RECORDED DATA:
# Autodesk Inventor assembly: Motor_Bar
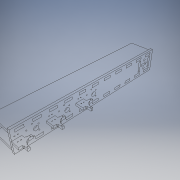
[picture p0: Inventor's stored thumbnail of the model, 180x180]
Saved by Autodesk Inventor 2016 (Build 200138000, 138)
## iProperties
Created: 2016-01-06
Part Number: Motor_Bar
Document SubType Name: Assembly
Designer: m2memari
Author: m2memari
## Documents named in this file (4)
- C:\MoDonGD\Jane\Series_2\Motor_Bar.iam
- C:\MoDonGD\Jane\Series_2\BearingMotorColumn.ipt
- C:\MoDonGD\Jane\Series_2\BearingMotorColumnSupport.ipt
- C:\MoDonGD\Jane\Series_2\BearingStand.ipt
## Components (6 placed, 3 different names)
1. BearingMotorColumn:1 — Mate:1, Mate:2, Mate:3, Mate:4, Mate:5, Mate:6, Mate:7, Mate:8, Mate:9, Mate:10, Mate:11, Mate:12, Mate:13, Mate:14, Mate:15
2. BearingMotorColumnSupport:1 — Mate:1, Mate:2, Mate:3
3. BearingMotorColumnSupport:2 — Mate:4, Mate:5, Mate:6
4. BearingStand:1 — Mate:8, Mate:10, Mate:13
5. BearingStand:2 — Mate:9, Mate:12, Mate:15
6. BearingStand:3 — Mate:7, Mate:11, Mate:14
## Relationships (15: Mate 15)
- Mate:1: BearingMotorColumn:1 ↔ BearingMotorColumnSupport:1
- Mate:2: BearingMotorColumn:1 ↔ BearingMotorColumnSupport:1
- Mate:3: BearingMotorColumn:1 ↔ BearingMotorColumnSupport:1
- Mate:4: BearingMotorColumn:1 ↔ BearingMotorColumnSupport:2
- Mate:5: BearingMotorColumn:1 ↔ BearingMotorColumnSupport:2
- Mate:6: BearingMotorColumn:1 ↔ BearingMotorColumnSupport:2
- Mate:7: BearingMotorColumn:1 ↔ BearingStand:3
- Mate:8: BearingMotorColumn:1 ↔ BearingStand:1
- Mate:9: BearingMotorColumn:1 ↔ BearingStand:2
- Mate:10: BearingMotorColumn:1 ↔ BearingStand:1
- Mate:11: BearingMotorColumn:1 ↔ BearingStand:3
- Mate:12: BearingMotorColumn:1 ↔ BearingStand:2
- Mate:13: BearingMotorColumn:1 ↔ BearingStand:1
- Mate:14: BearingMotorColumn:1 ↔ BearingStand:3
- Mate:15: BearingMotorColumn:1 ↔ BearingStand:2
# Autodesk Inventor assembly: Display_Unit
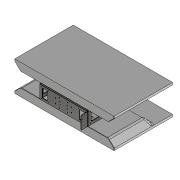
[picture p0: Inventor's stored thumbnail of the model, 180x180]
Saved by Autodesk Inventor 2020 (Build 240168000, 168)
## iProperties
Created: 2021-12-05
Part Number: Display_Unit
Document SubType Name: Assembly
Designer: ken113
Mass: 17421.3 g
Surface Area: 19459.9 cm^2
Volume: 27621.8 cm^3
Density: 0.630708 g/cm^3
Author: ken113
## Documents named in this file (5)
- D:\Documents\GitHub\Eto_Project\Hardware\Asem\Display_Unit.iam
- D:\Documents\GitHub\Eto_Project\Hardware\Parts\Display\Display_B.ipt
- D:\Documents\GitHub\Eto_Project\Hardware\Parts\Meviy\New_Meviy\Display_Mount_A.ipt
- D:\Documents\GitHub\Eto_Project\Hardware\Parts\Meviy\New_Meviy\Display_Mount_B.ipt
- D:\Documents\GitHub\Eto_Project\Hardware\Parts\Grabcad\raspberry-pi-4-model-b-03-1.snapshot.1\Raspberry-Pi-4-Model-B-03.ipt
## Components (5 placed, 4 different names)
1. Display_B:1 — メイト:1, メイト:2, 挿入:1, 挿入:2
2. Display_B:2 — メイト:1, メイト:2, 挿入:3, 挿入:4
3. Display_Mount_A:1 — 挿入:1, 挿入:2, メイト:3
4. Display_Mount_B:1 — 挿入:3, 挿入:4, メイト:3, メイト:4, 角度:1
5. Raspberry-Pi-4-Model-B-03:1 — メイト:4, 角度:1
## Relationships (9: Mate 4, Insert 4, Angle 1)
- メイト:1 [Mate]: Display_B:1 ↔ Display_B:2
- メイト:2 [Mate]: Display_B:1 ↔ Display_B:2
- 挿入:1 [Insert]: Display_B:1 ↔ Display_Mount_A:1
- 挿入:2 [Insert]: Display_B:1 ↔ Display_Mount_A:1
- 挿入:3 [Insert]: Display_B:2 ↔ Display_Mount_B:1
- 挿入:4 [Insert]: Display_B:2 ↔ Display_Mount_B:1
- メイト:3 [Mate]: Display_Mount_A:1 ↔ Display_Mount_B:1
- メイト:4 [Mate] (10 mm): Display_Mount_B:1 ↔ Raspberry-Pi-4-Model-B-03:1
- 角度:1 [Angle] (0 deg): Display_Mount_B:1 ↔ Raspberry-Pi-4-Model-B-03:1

ASSIGNMENT: Print every line above exactly. Leave the pictures out.

EXERCISE SOLUTION:
# Autodesk Inventor assembly: Motor_Bar
[picture p0: Inventor's stored thumbnail of the model, 180x180]
Saved by Autodesk Inventor 2016 (Build 200138000, 138)
## iProperties
Created: 2016-01-06
Part Number: Motor_Bar
Document SubType Name: Assembly
Designer: m2memari
Author: m2memari
## Documents named in this file (4)
- C:\MoDonGD\Jane\Series_2\Motor_Bar.iam
- C:\MoDonGD\Jane\Series_2\BearingMotorColumn.ipt
- C:\MoDonGD\Jane\Series_2\BearingMotorColumnSupport.ipt
- C:\MoDonGD\Jane\Series_2\BearingStand.ipt
## Components (6 placed, 3 different names)
1. BearingMotorColumn:1 — Mate:1, Mate:2, Mate:3, Mate:4, Mate:5, Mate:6, Mate:7, Mate:8, Mate:9, Mate:10, Mate:11, Mate:12, Mate:13, Mate:14, Mate:15
2. BearingMotorColumnSupport:1 — Mate:1, Mate:2, Mate:3
3. BearingMotorColumnSupport:2 — Mate:4, Mate:5, Mate:6
4. BearingStand:1 — Mate:8, Mate:10, Mate:13
5. BearingStand:2 — Mate:9, Mate:12, Mate:15
6. BearingStand:3 — Mate:7, Mate:11, Mate:14
## Relationships (15: Mate 15)
- Mate:1: BearingMotorColumn:1 ↔ BearingMotorColumnSupport:1
- Mate:2: BearingMotorColumn:1 ↔ BearingMotorColumnSupport:1
- Mate:3: BearingMotorColumn:1 ↔ BearingMotorColumnSupport:1
- Mate:4: BearingMotorColumn:1 ↔ BearingMotorColumnSupport:2
- Mate:5: BearingMotorColumn:1 ↔ BearingMotorColumnSupport:2
- Mate:6: BearingMotorColumn:1 ↔ BearingMotorColumnSupport:2
- Mate:7: BearingMotorColumn:1 ↔ BearingStand:3
- Mate:8: BearingMotorColumn:1 ↔ BearingStand:1
- Mate:9: BearingMotorColumn:1 ↔ BearingStand:2
- Mate:10: BearingMotorColumn:1 ↔ BearingStand:1
- Mate:11: BearingMotorColumn:1 ↔ BearingStand:3
- Mate:12: BearingMotorColumn:1 ↔ BearingStand:2
- Mate:13: BearingMotorColumn:1 ↔ BearingStand:1
- Mate:14: BearingMotorColumn:1 ↔ BearingStand:3
- Mate:15: BearingMotorColumn:1 ↔ BearingStand:2
# Autodesk Inventor assembly: Display_Unit
[picture p0: Inventor's stored thumbnail of the model, 180x180]
Saved by Autodesk Inventor 2020 (Build 240168000, 168)
## iProperties
Created: 2021-12-05
Part Number: Display_Unit
Document SubType Name: Assembly
Designer: ken113
Mass: 17421.3 g
Surface Area: 19459.9 cm^2
Volume: 27621.8 cm^3
Density: 0.630708 g/cm^3
Author: ken113
## Documents named in this file (5)
- D:\Documents\GitHub\Eto_Project\Hardware\Asem\Display_Unit.iam
- D:\Documents\GitHub\Eto_Project\Hardware\Parts\Display\Display_B.ipt
- D:\Documents\GitHub\Eto_Project\Hardware\Parts\Meviy\New_Meviy\Display_Mount_A.ipt
- D:\Documents\GitHub\Eto_Project\Hardware\Parts\Meviy\New_Meviy\Display_Mount_B.ipt
- D:\Documents\GitHub\Eto_Project\Hardware\Parts\Grabcad\raspberry-pi-4-model-b-03-1.snapshot.1\Raspberry-Pi-4-Model-B-03.ipt
## Components (5 placed, 4 different names)
1. Display_B:1 — メイト:1, メイト:2, 挿入:1, 挿入:2
2. Display_B:2 — メイト:1, メイト:2, 挿入:3, 挿入:4
3. Display_Mount_A:1 — 挿入:1, 挿入:2, メイト:3
4. Display_Mount_B:1 — 挿入:3, 挿入:4, メイト:3, メイト:4, 角度:1
5. Raspberry-Pi-4-Model-B-03:1 — メイト:4, 角度:1
## Relationships (9: Mate 4, Insert 4, Angle 1)
- メイト:1 [Mate]: Display_B:1 ↔ Display_B:2
- メイト:2 [Mate]: Display_B:1 ↔ Display_B:2
- 挿入:1 [Insert]: Display_B:1 ↔ Display_Mount_A:1
- 挿入:2 [Insert]: Display_B:1 ↔ Display_Mount_A:1
- 挿入:3 [Insert]: Display_B:2 ↔ Display_Mount_B:1
- 挿入:4 [Insert]: Display_B:2 ↔ Display_Mount_B:1
- メイト:3 [Mate]: Display_Mount_A:1 ↔ Display_Mount_B:1
- メイト:4 [Mate] (10 mm): Display_Mount_B:1 ↔ Raspberry-Pi-4-Model-B-03:1
- 角度:1 [Angle] (0 deg): Display_Mount_B:1 ↔ Raspberry-Pi-4-Model-B-03:1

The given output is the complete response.